#### [Your instructions]
From the line with "#13105 = LINE ( 'NONE', #6003, #12089 ) ;" through the line with "#17818 = ORIENTED_EDGE", repeat the entries verbatim, both end lines included, and add nothing.

Recorded data
+ + + + + + +

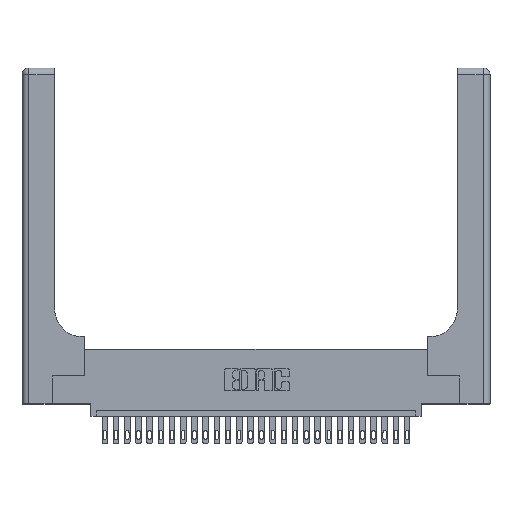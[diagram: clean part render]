
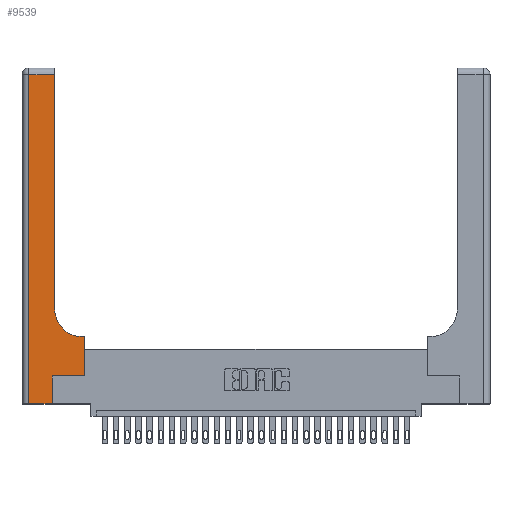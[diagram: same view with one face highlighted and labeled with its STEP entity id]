
A CAD part, top view. The second image highlights one B-rep face of the part: STEP entity #9539.
In plain terms, the highlighted planar face has unit normal (0, 0, 1).
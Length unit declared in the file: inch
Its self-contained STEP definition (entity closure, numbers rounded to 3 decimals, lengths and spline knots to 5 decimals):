
#55 = AXIS2_PLACEMENT_3D ( 'NONE', #7930, #12382, #5728 ) ;
#1465 = LINE ( 'NONE', #8245, #6556 ) ;
#1484 = EDGE_CURVE ( 'NONE', #8005, #10899, #6415, .T. ) ;
#1764 = DIRECTION ( 'NONE',  ( 0., -1., 0. ) ) ;
#2277 = DIRECTION ( 'NONE',  ( 0., 0., -1. ) ) ;
#3177 = DIRECTION ( 'NONE',  ( 0., 1., 0. ) ) ;
#3617 = EDGE_CURVE ( 'NONE', #11968, #6783, #13105, .T. ) ;
#3693 = DIRECTION ( 'NONE',  ( 0., 1., 0. ) ) ;
#3818 = DIRECTION ( 'NONE',  ( 1., 0., 0. ) ) ;
#4117 = EDGE_CURVE ( 'NONE', #6783, #14151, #5248, .T. ) ;
#4333 = VERTEX_POINT ( 'NONE', #11165 ) ;
#4653 = CARTESIAN_POINT ( 'NONE',  ( 0.269, 0., 0.37 ) ) ;
#5010 = EDGE_CURVE ( 'NONE', #26313, #11968, #1465, .T. ) ;
#5248 = LINE ( 'NONE', #4653, #22230 ) ;
#5728 = DIRECTION ( 'NONE',  ( -1., 0., 0. ) ) ;
#6003 = CARTESIAN_POINT ( 'NONE',  ( 0., 0., 0.37 ) ) ;
#6194 = EDGE_CURVE ( 'NONE', #14151, #4333, #14451, .T. ) ;
#6415 = CIRCLE ( 'NONE', #10715, 0.25 ) ;
#6529 = EDGE_CURVE ( 'NONE', #4333, #27735, #20626, .T. ) ;
#6556 = VECTOR ( 'NONE', #1764, 39.37008 ) ;
#6783 = VERTEX_POINT ( 'NONE', #25904 ) ;
#7451 = VECTOR ( 'NONE', #12882, 39.37008 ) ;
#7578 = CARTESIAN_POINT ( 'NONE',  ( 0.5585, 0.6, 0.37 ) ) ;
#7786 = EDGE_LOOP ( 'NONE', ( #13759, #9354, #21490, #13124, #13107, #12946, #10061, #17818, #15967 ) ) ;
#7930 = CARTESIAN_POINT ( 'NONE',  ( 0., 3., 0.37 ) ) ;
#8005 = VERTEX_POINT ( 'NONE', #16175 ) ;
#8196 = CARTESIAN_POINT ( 'NONE',  ( 0.269, 0.25, 0.37 ) ) ;
#8245 = CARTESIAN_POINT ( 'NONE',  ( 0.06, 3., 0.37 ) ) ;
#8307 = VECTOR ( 'NONE', #11509, 39.37008 ) ;
#9354 = ORIENTED_EDGE ( 'NONE', *, *, #20055, .T. ) ;
#9539 = ADVANCED_FACE ( 'NONE', ( #13238 ), #25222, .F. ) ;
#10061 = ORIENTED_EDGE ( 'NONE', *, *, #6529, .T. ) ;
#10715 = AXIS2_PLACEMENT_3D ( 'NONE', #15403, #2277, #15214 ) ;
#10899 = VERTEX_POINT ( 'NONE', #21075 ) ;
#11165 = CARTESIAN_POINT ( 'NONE',  ( 0.5585, 0.25, 0.37 ) ) ;
#11509 = DIRECTION ( 'NONE',  ( 1., 0., 0. ) ) ;
#11528 = CARTESIAN_POINT ( 'NONE',  ( 0.2915, 3., 0.37 ) ) ;
#11580 = DIRECTION ( 'NONE',  ( -1., 0., 0. ) ) ;
#11968 = VERTEX_POINT ( 'NONE', #14456 ) ;
#12089 = VECTOR ( 'NONE', #3818, 39.37008 ) ;
#12382 = DIRECTION ( 'NONE',  ( 0., 0., -1. ) ) ;
#12882 = DIRECTION ( 'NONE',  ( -1., 0., 0. ) ) ;
#12946 = ORIENTED_EDGE ( 'NONE', *, *, #6194, .T. ) ;
#13105 = LINE ( 'NONE', #6003, #12089 ) ;
#13107 = ORIENTED_EDGE ( 'NONE', *, *, #4117, .T. ) ;
#13124 = ORIENTED_EDGE ( 'NONE', *, *, #3617, .T. ) ;
#13238 = FACE_OUTER_BOUND ( 'NONE', #7786, .T. ) ;
#13477 = CARTESIAN_POINT ( 'NONE',  ( 0., 2.94, 0.37 ) ) ;
#13759 = ORIENTED_EDGE ( 'NONE', *, *, #26556, .T. ) ;
#14001 = EDGE_CURVE ( 'NONE', #27735, #8005, #19756, .T. ) ;
#14151 = VERTEX_POINT ( 'NONE', #8196 ) ;
#14451 = LINE ( 'NONE', #16187, #8307 ) ;
#14456 = CARTESIAN_POINT ( 'NONE',  ( 0.06, 0., 0.37 ) ) ;
#15214 = DIRECTION ( 'NONE',  ( 1., 0., 0. ) ) ;
#15403 = CARTESIAN_POINT ( 'NONE',  ( 0.5415, 0.85, 0.37 ) ) ;
#15719 = VERTEX_POINT ( 'NONE', #25510 ) ;
#15967 = ORIENTED_EDGE ( 'NONE', *, *, #1484, .T. ) ;
#16175 = CARTESIAN_POINT ( 'NONE',  ( 0.5415, 0.6, 0.37 ) ) ;
#16187 = CARTESIAN_POINT ( 'NONE',  ( 0.269, 0.25, 0.37 ) ) ;
#16505 = VECTOR ( 'NONE', #3693, 39.37008 ) ;
#16917 = CARTESIAN_POINT ( 'NONE',  ( 0.06, 2.94, 0.37 ) ) ;
#17684 = VECTOR ( 'NONE', #3177, 39.37008 ) ;
#17818 = ORIENTED_EDGE ( 'NONE', *, *, #14001, .T. ) ;
#18488 = VECTOR ( 'NONE', #11580, 39.37008 ) ;
#19756 = LINE ( 'NONE', #21746, #7451 ) ;
#20055 = EDGE_CURVE ( 'NONE', #15719, #26313, #24557, .T. ) ;
#20113 = DIRECTION ( 'NONE',  ( 0., 1., 0. ) ) ;
#20117 = LINE ( 'NONE', #11528, #17684 ) ;
#20626 = LINE ( 'NONE', #20741, #16505 ) ;
#20741 = CARTESIAN_POINT ( 'NONE',  ( 0.5585, 0.25, 0.37 ) ) ;
#21075 = CARTESIAN_POINT ( 'NONE',  ( 0.2915, 0.85, 0.37 ) ) ;
#21490 = ORIENTED_EDGE ( 'NONE', *, *, #5010, .T. ) ;
#21746 = CARTESIAN_POINT ( 'NONE',  ( 0.2915, 0.6, 0.37 ) ) ;
#22230 = VECTOR ( 'NONE', #20113, 39.37008 ) ;
#24557 = LINE ( 'NONE', #13477, #18488 ) ;
#25222 = PLANE ( 'NONE',  #55 ) ;
#25510 = CARTESIAN_POINT ( 'NONE',  ( 0.2915, 2.94, 0.37 ) ) ;
#25904 = CARTESIAN_POINT ( 'NONE',  ( 0.269, 0., 0.37 ) ) ;
#26313 = VERTEX_POINT ( 'NONE', #16917 ) ;
#26556 = EDGE_CURVE ( 'NONE', #10899, #15719, #20117, .T. ) ;
#27735 = VERTEX_POINT ( 'NONE', #7578 ) ;

+ + + + + + +

#### [Reply to the task]
#13105 = LINE ( 'NONE', #6003, #12089 ) ;
#13107 = ORIENTED_EDGE ( 'NONE', *, *, #4117, .T. ) ;
#13124 = ORIENTED_EDGE ( 'NONE', *, *, #3617, .T. ) ;
#13238 = FACE_OUTER_BOUND ( 'NONE', #7786, .T. ) ;
#13477 = CARTESIAN_POINT ( 'NONE',  ( 0., 2.94, 0.37 ) ) ;
#13759 = ORIENTED_EDGE ( 'NONE', *, *, #26556, .T. ) ;
#14001 = EDGE_CURVE ( 'NONE', #27735, #8005, #19756, .T. ) ;
#14151 = VERTEX_POINT ( 'NONE', #8196 ) ;
#14451 = LINE ( 'NONE', #16187, #8307 ) ;
#14456 = CARTESIAN_POINT ( 'NONE',  ( 0.06, 0., 0.37 ) ) ;
#15214 = DIRECTION ( 'NONE',  ( 1., 0., 0. ) ) ;
#15403 = CARTESIAN_POINT ( 'NONE',  ( 0.5415, 0.85, 0.37 ) ) ;
#15719 = VERTEX_POINT ( 'NONE', #25510 ) ;
#15967 = ORIENTED_EDGE ( 'NONE', *, *, #1484, .T. ) ;
#16175 = CARTESIAN_POINT ( 'NONE',  ( 0.5415, 0.6, 0.37 ) ) ;
#16187 = CARTESIAN_POINT ( 'NONE',  ( 0.269, 0.25, 0.37 ) ) ;
#16505 = VECTOR ( 'NONE', #3693, 39.37008 ) ;
#16917 = CARTESIAN_POINT ( 'NONE',  ( 0.06, 2.94, 0.37 ) ) ;
#17684 = VECTOR ( 'NONE', #3177, 39.37008 ) ;
#17818 = ORIENTED_EDGE ( 'NONE', *, *, #14001, .T. ) ;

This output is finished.